In a 2020 review in BMJ, Harvard professor and placebo expert Ted Kaptchuk found that placebo responses can account for 50 to 75 percent of the drug treatments for pain. Kaptchuk’s research also suggests that ‘open-placebo’ treatments—when patients know they are receiving a placebo—are comparable in efficacy to deceptive placebo designs, when patients don’t know they are receiving a non-active pill or treatment.
Hall said that while people are constantly surprised by the impact of placebos, maybe we shouldn’t be. All day every day, what we think is changing the way we feel and how our bodies function in significant ways. For example, if someone knocked on your door and shouted to you that there was a fire in your building and you needed to get out, your heart rate would go up; your hair might stand on end.

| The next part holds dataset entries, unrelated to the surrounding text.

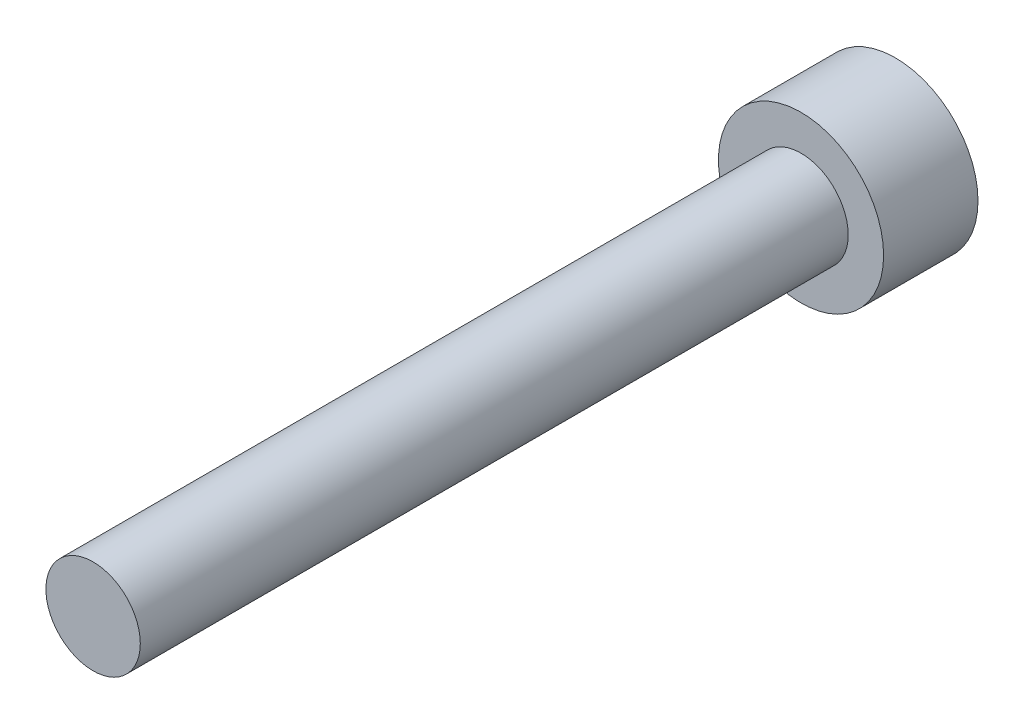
ISO-10303-21;
HEADER;
FILE_DESCRIPTION(('STEP AP214'),'2;1');
FILE_NAME('part.step','',(''),(''),'','','');
FILE_SCHEMA(('AUTOMOTIVE_DESIGN { 1 0 10303 214 1 1 1 1 }'));
ENDSEC;
DATA;
#1=APPLICATION_CONTEXT('core data for automotive mechanical design processes');
#2=APPLICATION_PROTOCOL_DEFINITION('international standard','automotive_design',2000,#1);
#3=PRODUCT_CONTEXT('',#1,'mechanical');
#4=PRODUCT('Part','Part','',(#3));
#5=PRODUCT_RELATED_PRODUCT_CATEGORY('part','',(#4));
#6=PRODUCT_DEFINITION_FORMATION('','',#4);
#7=PRODUCT_DEFINITION_CONTEXT('part definition',#1,'design');
#8=PRODUCT_DEFINITION('design','',#6,#7);
#9=PRODUCT_DEFINITION_SHAPE('','',#8);
#10=(LENGTH_UNIT() NAMED_UNIT(*) SI_UNIT(.MILLI.,.METRE.));
#11=(NAMED_UNIT(*) PLANE_ANGLE_UNIT() SI_UNIT($,.RADIAN.));
#12=(NAMED_UNIT(*) SI_UNIT($,.STERADIAN.) SOLID_ANGLE_UNIT());
#13=UNCERTAINTY_MEASURE_WITH_UNIT(LENGTH_MEASURE(1.E-05),#10,'distance_accuracy_value','');
#14=(GEOMETRIC_REPRESENTATION_CONTEXT(3) GLOBAL_UNCERTAINTY_ASSIGNED_CONTEXT((#13)) GLOBAL_UNIT_ASSIGNED_CONTEXT((#10,
#11,#12)) REPRESENTATION_CONTEXT('',''));
#15=CARTESIAN_POINT('',(0.,0.,0.));
#16=DIRECTION('',(0.,0.,1.));
#17=DIRECTION('',(1.,0.,0.));
#18=AXIS2_PLACEMENT_3D('',#15,#16,#17);
#19=CARTESIAN_POINT('',(0.,0.,0.));
#20=DIRECTION('',(0.,0.,-1.));
#21=DIRECTION('',(-1.,0.,0.));
#22=AXIS2_PLACEMENT_3D('',#19,#20,#21);
#23=CYLINDRICAL_SURFACE('',#22,3.5);
#24=CARTESIAN_POINT('',(0.,0.,0.));
#25=DIRECTION('',(0.,0.,1.));
#26=DIRECTION('',(1.,0.,0.));
#27=AXIS2_PLACEMENT_3D('',#24,#25,#26);
#28=CIRCLE('',#27,3.5);
#29=CARTESIAN_POINT('',(3.5,0.,0.));
#30=VERTEX_POINT('',#29);
#31=EDGE_CURVE('E48',#30,#30,#28,.T.);
#32=ORIENTED_EDGE('',*,*,#31,.F.);
#33=EDGE_LOOP('',(#32));
#34=FACE_BOUND('',#33,.T.);
#35=CARTESIAN_POINT('',(0.,0.,-4.));
#36=DIRECTION('',(0.,0.,1.));
#37=DIRECTION('',(1.,0.,0.));
#38=AXIS2_PLACEMENT_3D('',#35,#36,#37);
#39=CIRCLE('',#38,3.5);
#40=CARTESIAN_POINT('',(3.5,0.,-4.));
#41=VERTEX_POINT('',#40);
#42=EDGE_CURVE('E44',#41,#41,#39,.T.);
#43=ORIENTED_EDGE('',*,*,#42,.T.);
#44=EDGE_LOOP('',(#43));
#45=FACE_BOUND('',#44,.T.);
#46=ADVANCED_FACE('F41',(#34,#45),#23,.T.);
#47=CARTESIAN_POINT('',(0.,0.,0.));
#48=DIRECTION('',(0.,0.,1.));
#49=DIRECTION('',(1.,0.,0.));
#50=AXIS2_PLACEMENT_3D('',#47,#48,#49);
#51=PLANE('',#50);
#52=CARTESIAN_POINT('',(0.,0.,0.));
#53=DIRECTION('',(0.,0.,1.));
#54=DIRECTION('',(1.,0.,0.));
#55=AXIS2_PLACEMENT_3D('',#52,#53,#54);
#56=CIRCLE('',#55,2.);
#57=CARTESIAN_POINT('',(2.,0.,0.));
#58=VERTEX_POINT('',#57);
#59=EDGE_CURVE('E10',#58,#58,#56,.T.);
#60=ORIENTED_EDGE('',*,*,#59,.F.);
#61=EDGE_LOOP('',(#60));
#62=FACE_BOUND('',#61,.T.);
#63=ORIENTED_EDGE('',*,*,#31,.T.);
#64=EDGE_LOOP('',(#63));
#65=FACE_BOUND('',#64,.T.);
#66=ADVANCED_FACE('F65',(#62,#65),#51,.T.);
#67=CARTESIAN_POINT('',(0.,0.,-4.));
#68=DIRECTION('',(0.,0.,1.));
#69=DIRECTION('',(1.,0.,0.));
#70=AXIS2_PLACEMENT_3D('',#67,#68,#69);
#71=PLANE('',#70);
#72=ORIENTED_EDGE('',*,*,#42,.F.);
#73=EDGE_LOOP('',(#72));
#74=FACE_BOUND('',#73,.T.);
#75=ADVANCED_FACE('F62',(#74),#71,.F.);
#76=CARTESIAN_POINT('',(0.,0.,30.));
#77=DIRECTION('',(0.,0.,-1.));
#78=DIRECTION('',(-1.,0.,0.));
#79=AXIS2_PLACEMENT_3D('',#76,#77,#78);
#80=CYLINDRICAL_SURFACE('',#79,2.);
#81=CARTESIAN_POINT('',(0.,0.,30.));
#82=DIRECTION('',(0.,0.,1.));
#83=DIRECTION('',(1.,0.,0.));
#84=AXIS2_PLACEMENT_3D('',#81,#82,#83);
#85=CIRCLE('',#84,2.);
#86=CARTESIAN_POINT('',(2.,0.,30.));
#87=VERTEX_POINT('',#86);
#88=EDGE_CURVE('E54',#87,#87,#85,.T.);
#89=ORIENTED_EDGE('',*,*,#88,.F.);
#90=EDGE_LOOP('',(#89));
#91=FACE_BOUND('',#90,.T.);
#92=ORIENTED_EDGE('',*,*,#59,.T.);
#93=EDGE_LOOP('',(#92));
#94=FACE_BOUND('',#93,.T.);
#95=ADVANCED_FACE('F64',(#91,#94),#80,.T.);
#96=CARTESIAN_POINT('',(0.,0.,30.));
#97=DIRECTION('',(0.,0.,1.));
#98=DIRECTION('',(1.,0.,0.));
#99=AXIS2_PLACEMENT_3D('',#96,#97,#98);
#100=PLANE('',#99);
#101=ORIENTED_EDGE('',*,*,#88,.T.);
#102=EDGE_LOOP('',(#101));
#103=FACE_BOUND('',#102,.T.);
#104=ADVANCED_FACE('F71',(#103),#100,.T.);
#105=CLOSED_SHELL('',(#46,#66,#75,#95,#104));
#106=MANIFOLD_SOLID_BREP('B2',#105);
#107=ADVANCED_BREP_SHAPE_REPRESENTATION('',(#18,#106),#14);
#108=SHAPE_DEFINITION_REPRESENTATION(#9,#107);
ENDSEC;
END-ISO-10303-21;
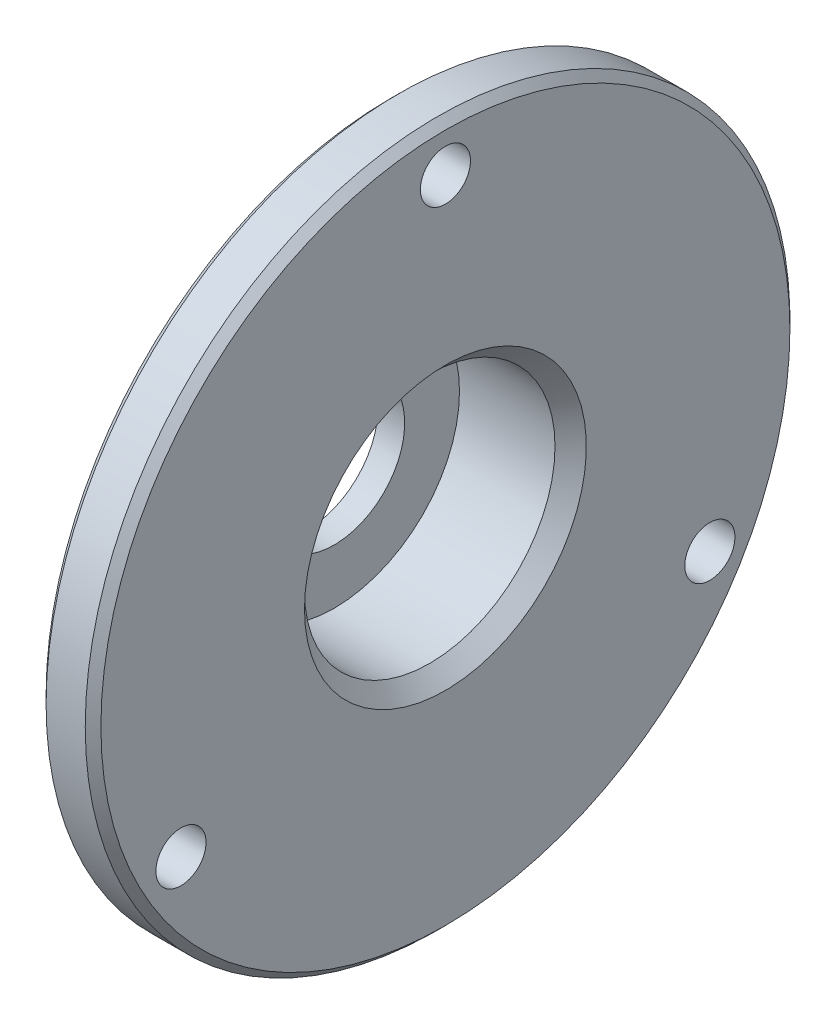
from build123d import *

# Parameters (mm, degrees)
ESQUISSE2_R                  = 1.6
ENL_V_MAT_EXTRU_1_DEPTH      = 34.014239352
R_P_TITION_CIRCULAIRE1_COUNT = 3
CHANFREIN1_SIZE              = 1
CHANFREIN2_SIZE              = 0.5


with BuildPart() as part:
    # Esquisse1 → Base-R_volution (revolve)
    with BuildSketch(Plane.XY, mode=Mode.PRIVATE) as base_r_volution_sk:
        Polygon((0, 4.5), (0, 12), (5.3, 12), (5.3, 22.5), (8.8, 22.5), (8.8, 8), (1.7, 8), (1.7, 4.5), align=None)
    revolve(base_r_volution_sk.sketch.rotate(Axis((0, 0, 0), (1, 0, 0)), 90), axis=Axis((0, 0, 0), (1, 0, 0)))

    # Esquisse2 → Enl_v. mat.-Extru.1 (cut, through all)
    with BuildSketch(Plane(origin=(8.8, 0, 0), x_dir=(0, 0, -1), z_dir=(1, 0, 0))):
        with Locations((0, 19.5)):
            Circle(ESQUISSE2_R)
    enl_v_mat_extru_1 = extrude(amount=-ENL_V_MAT_EXTRU_1_DEPTH, mode=Mode.SUBTRACT)

    # R_p_tition circulaire1: Enl_v. mat.-Extru.1 ×3 about axis
    r_p_tition_circulaire1_axis = Axis((0, 0, 0), (1, 0, 0))
    for i in range(1, R_P_TITION_CIRCULAIRE1_COUNT):
        add(enl_v_mat_extru_1.rotate(r_p_tition_circulaire1_axis, i * 360 / R_P_TITION_CIRCULAIRE1_COUNT), mode=Mode.SUBTRACT)

    # Chanfrein1
    chanfrein1_edges = [part.edges().sort_by_distance(p)[0] for p in [
        (8.8, 0, -8),
    ]]
    chamfer(chanfrein1_edges, length=CHANFREIN1_SIZE)

    # Chanfrein2
    chanfrein2_edges = [part.edges().sort_by_distance(p)[0] for p in [
        (8.8, 0, -22.5),
        (5.3, 0, -22.5),
        (0, 0, -12),
    ]]
    chamfer(chanfrein2_edges, length=CHANFREIN2_SIZE)


solid = part.part

‘Your whole physiology changed in response to a piece of information that may or may not be true,’ she said. ‘So in a way, every day we’re responding to information physiologically.’
Given all of this, I’m now confident that something like the alcohol placebo effect observed in the laboratory is occurring for me when I ‘day drink.’ I love this realization for what it reveals not just about NA beverages but about our world. There is something mysterious and beautiful about embracing the idea that our expectations influence us in such profound ways and that we don’t need mind-altering substances to alter our minds. Or at least, this is the story I’ve started telling myself.